Onderdeel 2 van het middel in het incidentele beroep klaagt dat het hof in rov. 4.4-4.7 van zijn tweede arrest heeft miskend dat bij vaststelling van de omvang van de specifiek aan [verweerster] veroorzaakte schade een vergelijking dient te worden gemaakt tussen enerzijds de situatie zoals die zich in werkelijkheid heeft voorgedaan en anderzijds de hypothetische situatie die zou zijn opgetreden als de onrechtmatige gedraging achterwege was gebleven.

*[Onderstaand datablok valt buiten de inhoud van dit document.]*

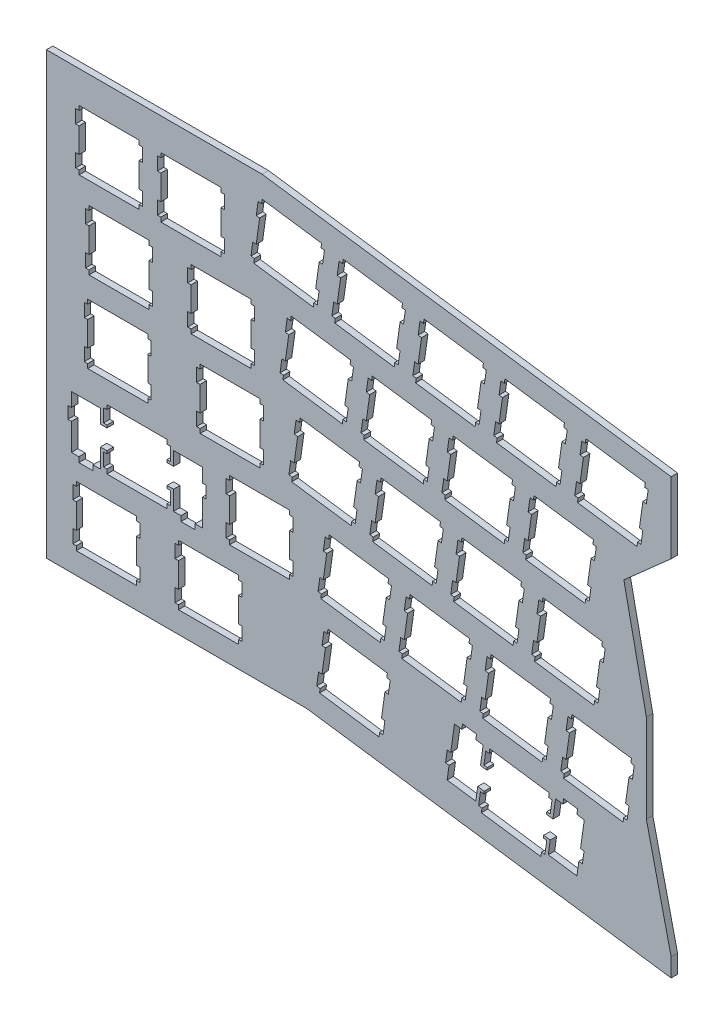
SolidWorks part; units mm, degrees
ref_plane "Front Plane" through (0, 0, 0) normal (0, 0, 1) x (1, 0, 0)
ref_plane "Top Plane" through (0, 0, 0) normal (0, 1, 0) x (1, 0, 0)
ref_plane "Right Plane" through (0, 0, 0) normal (1, 0, 0) x (0, 0, -1)
sketch "Sketch1" plane through (0, 0, 0) normal (0, 0, 1) x (1, 0, 0)
  line L11 (139.4395, -12.6376) -> (133.6626, 12.255)
  line L12 (133.6626, 12.255) -> (133.6626, 32.8822)
  line L13 (133.6626, 32.8822) -> (128.4244, 57.924)
  line L14 (128.4244, 57.924) -> (139.4395, 67.6802)
  line L15 (139.4395, 67.6802) -> (139.4395, 84.2488)
  line L16 (139.4395, 84.2488) -> (44.1124, 97.6439)
  line L17 (44.1124, 97.6439) -> (-6.1561, 97.6439)
  line L18 (-6.1561, 97.6439) -> (-6.1561, -5)
  line L19 (-6.1561, -5) -> (54.5377, -5)
  line L20 (54.5377, -5) -> (139.4395, -16.9252)
  line L21 (139.4395, -16.9252) -> (139.4395, -12.6376)
  line L22 (139.4395, -12.6376) -> (133.6626, 12.255)
  line L23 (133.6626, 12.255) -> (133.6626, 32.8822)
  line L24 (133.6626, 32.8822) -> (128.4244, 57.924)
  line L25 (128.4244, 57.924) -> (139.4395, 67.6802)
  line L26 (139.4395, 67.6802) -> (139.4395, 84.2488)
  line L27 (139.4395, 84.2488) -> (44.1124, 97.6439)
  line L28 (44.1124, 97.6439) -> (-6.1561, 97.6439)
  line L29 (-6.1561, 97.6439) -> (-6.1561, -5)
  line L30 (-6.1561, -5) -> (54.5377, -5)
  line L31 (54.5377, -5) -> (139.4395, -16.9252)
  line L32 (139.4395, -16.9252) -> (139.4395, -12.6376)
  dimension "D1" = 0
extrude "Boss-Extrude1" add sketch "Sketch1" along normal blind 1.5
sketch "Sketch2" plane through (0, 0, 0) normal (0, 0, 1) x (1, 0, 0)
  line L220 (17.4655, 52.0962) -> (3.4669, 52.0962)
  line L221 (3.4669, 52.0962) -> (3.4669, 51.0971)
  line L222 (3.4669, 51.0971) -> (2.6663, 51.0971)
  line L223 (2.6663, 51.0971) -> (2.6663, 47.9968)
  line L224 (2.6663, 47.9968) -> (3.4669, 47.9968)
  line L225 (3.4669, 47.9968) -> (3.4669, 42.1971)
  line L226 (3.4669, 42.1971) -> (2.6663, 42.1971)
  line L227 (2.6663, 42.1971) -> (2.6663, 39.0982)
  line L228 (2.6663, 39.0982) -> (3.4669, 39.0982)
  line L229 (3.4669, 39.0982) -> (3.4669, 38.0977)
  line L230 (3.4669, 38.0977) -> (17.4655, 38.0977)
  line L231 (17.4655, 38.0977) -> (17.4655, 39.0982)
  line L232 (17.4655, 39.0982) -> (18.2648, 39.0982)
  line L233 (18.2648, 39.0982) -> (18.2648, 42.1971)
  line L234 (18.2648, 42.1971) -> (17.4655, 42.1971)
  line L235 (17.4655, 42.1971) -> (17.4655, 47.9968)
  line L236 (17.4655, 47.9968) -> (18.2648, 47.9968)
  line L237 (18.2648, 47.9968) -> (18.2648, 51.0971)
  line L238 (18.2648, 51.0971) -> (17.4655, 51.0971)
  line L239 (17.4655, 51.0971) -> (17.4655, 52.0962)
  line L240 (17.4655, 52.0962) -> (3.4669, 52.0962)
  line L241 (3.4669, 52.0962) -> (3.4669, 51.0971)
  line L242 (3.4669, 51.0971) -> (2.6663, 51.0971)
  line L243 (2.6663, 51.0971) -> (2.6663, 47.9968)
  line L244 (2.6663, 47.9968) -> (3.4669, 47.9968)
  line L245 (3.4669, 47.9968) -> (3.4669, 42.1971)
  line L246 (3.4669, 42.1971) -> (2.6663, 42.1971)
  line L247 (2.6663, 42.1971) -> (2.6663, 39.0982)
  line L248 (2.6663, 39.0982) -> (3.4669, 39.0982)
  line L249 (3.4669, 39.0982) -> (3.4669, 38.0977)
  line L250 (3.4669, 38.0977) -> (17.4655, 38.0977)
  line L251 (17.4655, 38.0977) -> (17.4655, 39.0982)
  line L252 (17.4655, 39.0982) -> (18.2648, 39.0982)
  line L253 (18.2648, 39.0982) -> (18.2648, 42.1971)
  line L254 (18.2648, 42.1971) -> (17.4655, 42.1971)
  line L255 (17.4655, 42.1971) -> (17.4655, 47.9968)
  line L256 (17.4655, 47.9968) -> (18.2648, 47.9968)
  line L257 (18.2648, 47.9968) -> (18.2648, 51.0971)
  line L258 (18.2648, 51.0971) -> (17.4655, 51.0971)
  line L259 (17.4655, 51.0971) -> (17.4655, 52.0962)
  line L420 (123.2716, 41.989) -> (123.4106, 42.9798)
  line L421 (123.4106, 42.9798) -> (109.5484, 44.9267)
  line L422 (109.5484, 44.9267) -> (109.4094, 43.9376)
  line L423 (109.4094, 43.9376) -> (108.6155, 44.0477)
  line L424 (108.6155, 44.0477) -> (108.1845, 40.9791)
  line L425 (108.1845, 40.9791) -> (108.9764, 40.8673)
  line L426 (108.9764, 40.8673) -> (108.1705, 35.1254)
  line L427 (108.1705, 35.1254) -> (107.3785, 35.2358)
  line L428 (107.3785, 35.2358) -> (106.9456, 32.1654)
  line L429 (106.9456, 32.1654) -> (107.7395, 32.0554)
  line L430 (107.7395, 32.0554) -> (107.5985, 31.0645)
  line L431 (107.5985, 31.0645) -> (121.4627, 29.1162)
  line L432 (121.4627, 29.1162) -> (121.6017, 30.1057)
  line L433 (121.6017, 30.1057) -> (122.3936, 29.9953)
  line L434 (122.3936, 29.9953) -> (122.8256, 33.0653)
  line L435 (122.8256, 33.0653) -> (122.0326, 33.1757)
  line L436 (122.0326, 33.1757) -> (122.8406, 38.919)
  line L437 (122.8406, 38.919) -> (123.6325, 38.8075)
  line L438 (123.6325, 38.8075) -> (124.0635, 41.8775)
  line L439 (124.0635, 41.8775) -> (123.2716, 41.989)
  line L440 (123.2716, 41.989) -> (123.4106, 42.9798)
  line L441 (123.4106, 42.9798) -> (109.5484, 44.9267)
  line L442 (109.5484, 44.9267) -> (109.4094, 43.9376)
  line L443 (109.4094, 43.9376) -> (108.6155, 44.0477)
  line L444 (108.6155, 44.0477) -> (108.1845, 40.9791)
  line L445 (108.1845, 40.9791) -> (108.9764, 40.8673)
  line L446 (108.9764, 40.8673) -> (108.1705, 35.1254)
  line L447 (108.1705, 35.1254) -> (107.3785, 35.2358)
  line L448 (107.3785, 35.2358) -> (106.9456, 32.1654)
  line L449 (106.9456, 32.1654) -> (107.7395, 32.0554)
  line L450 (107.7395, 32.0554) -> (107.5985, 31.0645)
  line L451 (107.5985, 31.0645) -> (121.4627, 29.1162)
  line L452 (121.4627, 29.1162) -> (121.6017, 30.1057)
  line L453 (121.6017, 30.1057) -> (122.3936, 29.9953)
  line L454 (122.3936, 29.9953) -> (122.8256, 33.0653)
  line L455 (122.8256, 33.0653) -> (122.0326, 33.1757)
  line L456 (122.0326, 33.1757) -> (122.8406, 38.919)
  line L457 (122.8406, 38.919) -> (123.6325, 38.8075)
  line L458 (123.6325, 38.8075) -> (124.0635, 41.8775)
  line L459 (124.0635, 41.8775) -> (123.2716, 41.989)
  line L500 (50.7872, 43.189) -> (50.3558, 40.119)
  line L501 (50.3558, 40.119) -> (51.148, 40.009)
  line L502 (51.148, 40.009) -> (51.0091, 39.0181)
  line L503 (51.0091, 39.0181) -> (64.8714, 37.0698)
  line L504 (64.8714, 37.0698) -> (65.0103, 38.0589)
  line L505 (65.0103, 38.0589) -> (65.804, 37.9488)
  line L506 (65.804, 37.9488) -> (66.234, 41.019)
  line L507 (66.234, 41.019) -> (65.4432, 41.1293)
  line L508 (65.4432, 41.1293) -> (66.2492, 46.8726)
  line L509 (66.2492, 46.8726) -> (67.0415, 46.7607)
  line L510 (67.0415, 46.7607) -> (67.4743, 49.8311)
  line L511 (67.4743, 49.8311) -> (66.6821, 49.9412)
  line L512 (66.6821, 49.9412) -> (66.8211, 50.9334)
  line L513 (66.8211, 50.9334) -> (52.9573, 52.8803)
  line L514 (52.9573, 52.8803) -> (52.8183, 51.8909)
  line L515 (52.8183, 51.8909) -> (52.0261, 52.0013)
  line L516 (52.0261, 52.0013) -> (51.5932, 48.9327)
  line L517 (51.5932, 48.9327) -> (52.387, 48.8208)
  line L518 (52.387, 48.8208) -> (51.5781, 43.0776)
  line L519 (51.5781, 43.0776) -> (50.7872, 43.189)
  line L520 (50.7872, 43.189) -> (50.3558, 40.119)
  line L521 (50.3558, 40.119) -> (51.148, 40.009)
  line L522 (51.148, 40.009) -> (51.0091, 39.0181)
  line L523 (51.0091, 39.0181) -> (64.8714, 37.0698)
  line L524 (64.8714, 37.0698) -> (65.0103, 38.0589)
  line L525 (65.0103, 38.0589) -> (65.804, 37.9488)
  line L526 (65.804, 37.9488) -> (66.234, 41.019)
  line L527 (66.234, 41.019) -> (65.4432, 41.1293)
  line L528 (65.4432, 41.1293) -> (66.2492, 46.8726)
  line L529 (66.2492, 46.8726) -> (67.0415, 46.7607)
  line L530 (67.0415, 46.7607) -> (67.4743, 49.8311)
  line L531 (67.4743, 49.8311) -> (66.6821, 49.9412)
  line L532 (66.6821, 49.9412) -> (66.8211, 50.9334)
  line L533 (66.8211, 50.9334) -> (52.9573, 52.8803)
  line L534 (52.9573, 52.8803) -> (52.8183, 51.8909)
  line L535 (52.8183, 51.8909) -> (52.0261, 52.0013)
  line L536 (52.0261, 52.0013) -> (51.5932, 48.9327)
  line L537 (51.5932, 48.9327) -> (52.387, 48.8208)
  line L538 (52.387, 48.8208) -> (51.5781, 43.0776)
  line L539 (51.5781, 43.0776) -> (50.7872, 43.189)
  line L740 (103.5298, 32.6466) -> (103.9608, 35.7152)
  line L741 (103.9608, 35.7152) -> (103.1688, 35.8267)
  line L742 (103.1688, 35.8267) -> (103.9758, 41.5703)
  line L743 (103.9758, 41.5703) -> (104.7697, 41.4598)
  line L744 (104.7697, 41.4598) -> (105.1997, 44.5284)
  line L745 (105.1997, 44.5284) -> (104.4087, 44.6403)
  line L746 (104.4087, 44.6403) -> (104.5467, 45.6295)
  line L747 (104.5467, 45.6295) -> (90.6843, 47.578)
  line L748 (90.6843, 47.578) -> (90.5453, 46.5886)
  line L749 (90.5453, 46.5886) -> (89.7529, 46.7004)
  line L750 (89.7529, 46.7004) -> (89.3216, 43.63)
  line L751 (89.3216, 43.63) -> (90.1138, 43.5185)
  line L752 (90.1138, 43.5185) -> (89.3064, 37.7754)
  line L753 (89.3064, 37.7754) -> (88.5141, 37.8867)
  line L754 (88.5141, 37.8867) -> (88.0826, 34.8167)
  line L755 (88.0826, 34.8167) -> (88.8753, 34.7052)
  line L756 (88.8753, 34.7052) -> (88.736, 33.7158)
  line L757 (88.736, 33.7158) -> (102.5998, 31.7675)
  line L758 (102.5998, 31.7675) -> (102.7388, 32.7581)
  line L759 (102.7388, 32.7581) -> (103.5298, 32.6466)
  line L760 (103.5298, 32.6466) -> (103.9608, 35.7152)
  line L761 (103.9608, 35.7152) -> (103.1688, 35.8267)
  line L762 (103.1688, 35.8267) -> (103.9758, 41.5703)
  line L763 (103.9758, 41.5703) -> (104.7697, 41.4598)
  line L764 (104.7697, 41.4598) -> (105.1997, 44.5284)
  line L765 (105.1997, 44.5284) -> (104.4087, 44.6403)
  line L766 (104.4087, 44.6403) -> (104.5467, 45.6295)
  line L767 (104.5467, 45.6295) -> (90.6843, 47.578)
  line L768 (90.6843, 47.578) -> (90.5453, 46.5886)
  line L769 (90.5453, 46.5886) -> (89.7529, 46.7004)
  line L770 (89.7529, 46.7004) -> (89.3216, 43.63)
  line L771 (89.3216, 43.63) -> (90.1138, 43.5185)
  line L772 (90.1138, 43.5185) -> (89.3064, 37.7754)
  line L773 (89.3064, 37.7754) -> (88.5141, 37.8867)
  line L774 (88.5141, 37.8867) -> (88.0826, 34.8167)
  line L775 (88.0826, 34.8167) -> (88.8753, 34.7052)
  line L776 (88.8753, 34.7052) -> (88.736, 33.7158)
  line L777 (88.736, 33.7158) -> (102.5998, 31.7675)
  line L778 (102.5998, 31.7675) -> (102.7388, 32.7581)
  line L779 (102.7388, 32.7581) -> (103.5298, 32.6466)
  line L780 (96.8952, 23.3304) -> (96.0872, 17.5868)
  line L781 (96.0872, 17.5868) -> (95.2953, 17.6985)
  line L782 (95.2953, 17.6985) -> (94.8633, 14.6284)
  line L783 (94.8633, 14.6284) -> (95.6563, 14.5168)
  line L784 (95.6563, 14.5168) -> (95.5173, 13.5275)
  line L785 (95.5173, 13.5275) -> (109.3804, 11.5776)
  line L786 (109.3804, 11.5776) -> (109.5184, 12.5684)
  line L787 (109.5184, 12.5684) -> (110.3104, 12.4567)
  line L788 (110.3104, 12.4567) -> (110.7423, 15.5268)
  line L789 (110.7423, 15.5268) -> (109.9494, 15.6384)
  line L790 (109.9494, 15.6384) -> (110.7573, 21.3818)
  line L791 (110.7573, 21.3818) -> (111.5493, 21.2701)
  line L792 (111.5493, 21.2701) -> (111.9813, 24.3389)
  line L793 (111.9813, 24.3389) -> (111.1883, 24.4517)
  line L794 (111.1883, 24.4517) -> (111.3273, 25.4412)
  line L795 (111.3273, 25.4412) -> (97.4652, 27.3895)
  line L796 (97.4652, 27.3895) -> (97.3262, 26.399)
  line L797 (97.3262, 26.399) -> (96.5342, 26.5105)
  line L798 (96.5342, 26.5105) -> (96.1012, 23.4417)
  line L799 (96.1012, 23.4417) -> (96.8952, 23.3304)
  line L800 (96.8952, 23.3304) -> (96.0872, 17.5868)
  line L801 (96.0872, 17.5868) -> (95.2953, 17.6985)
  line L802 (95.2953, 17.6985) -> (94.8633, 14.6284)
  line L803 (94.8633, 14.6284) -> (95.6563, 14.5168)
  line L804 (95.6563, 14.5168) -> (95.5173, 13.5275)
  line L805 (95.5173, 13.5275) -> (109.3804, 11.5776)
  line L806 (109.3804, 11.5776) -> (109.5184, 12.5684)
  line L807 (109.5184, 12.5684) -> (110.3104, 12.4567)
  line L808 (110.3104, 12.4567) -> (110.7423, 15.5268)
  line L809 (110.7423, 15.5268) -> (109.9494, 15.6384)
  line L810 (109.9494, 15.6384) -> (110.7573, 21.3818)
  line L811 (110.7573, 21.3818) -> (111.5493, 21.2701)
  line L812 (111.5493, 21.2701) -> (111.9813, 24.3389)
  line L813 (111.9813, 24.3389) -> (111.1883, 24.4517)
  line L814 (111.1883, 24.4517) -> (111.3273, 25.4412)
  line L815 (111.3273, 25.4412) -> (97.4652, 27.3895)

Deze klacht slaagt eveneens. Het hof heeft de hiervoor in 3.5.1 vermelde maatstaf miskend, ondanks het feit dat het deze maatstaf in rov. 4.5 van zijn tweede arrest wel heeft vooropgesteld. Het hof is in rov. 4.6 van zijn tweede arrest uitgegaan van de (in hoger beroep niet bestreden) vaststelling van de rechtbank dat [A] ten tijde van haar faillietverklaring over voldoende middelen beschikte om de andere schuldeisers (buiten [verweerster] ) te voldoen. In rov. 4.7 heeft het hof hieraan de conclusie verbonden dat het faillissement van [A] niet noodzakelijk zou zijn geweest en [verweerster] zich dus had kunnen verhalen op het bedrag van € 791.400,--, als dit bedrag niet (door toedoen of nalaten van [eiser] ) aan verhaal was onttrokken. Uit een en ander volgt dat de middelen waarover [A] ten tijde van haar faillietverklaring beschikte, vermeerderd met het bedrag dat aan verhaal is onttrokken, voldoende zouden zijn geweest om zowel [verweerster] als de andere schuldeisers geheel te voldoen in de hypothetische situatie dat de onrechtmatige gedragingen achterwege zouden zijn gebleven. Om die reden valt niet in te zien dat de vordering van [verweerster] slechts gedeeltelijk voldaan zou zijn doordat het actief gedeeld had moeten worden met de andere schuldeisers ten tijde van de faillietverklaring.
De gegrondbevinding van onderdeel 2 van het incidentele beroep brengt mee dat ook slaagt het daarop voortbouwende onderdeel 2.3 van het incidentele beroep, dat is gericht tegen hetgeen het hof heeft overwogen en beslist in rov. 5-6 van het tweede arrest.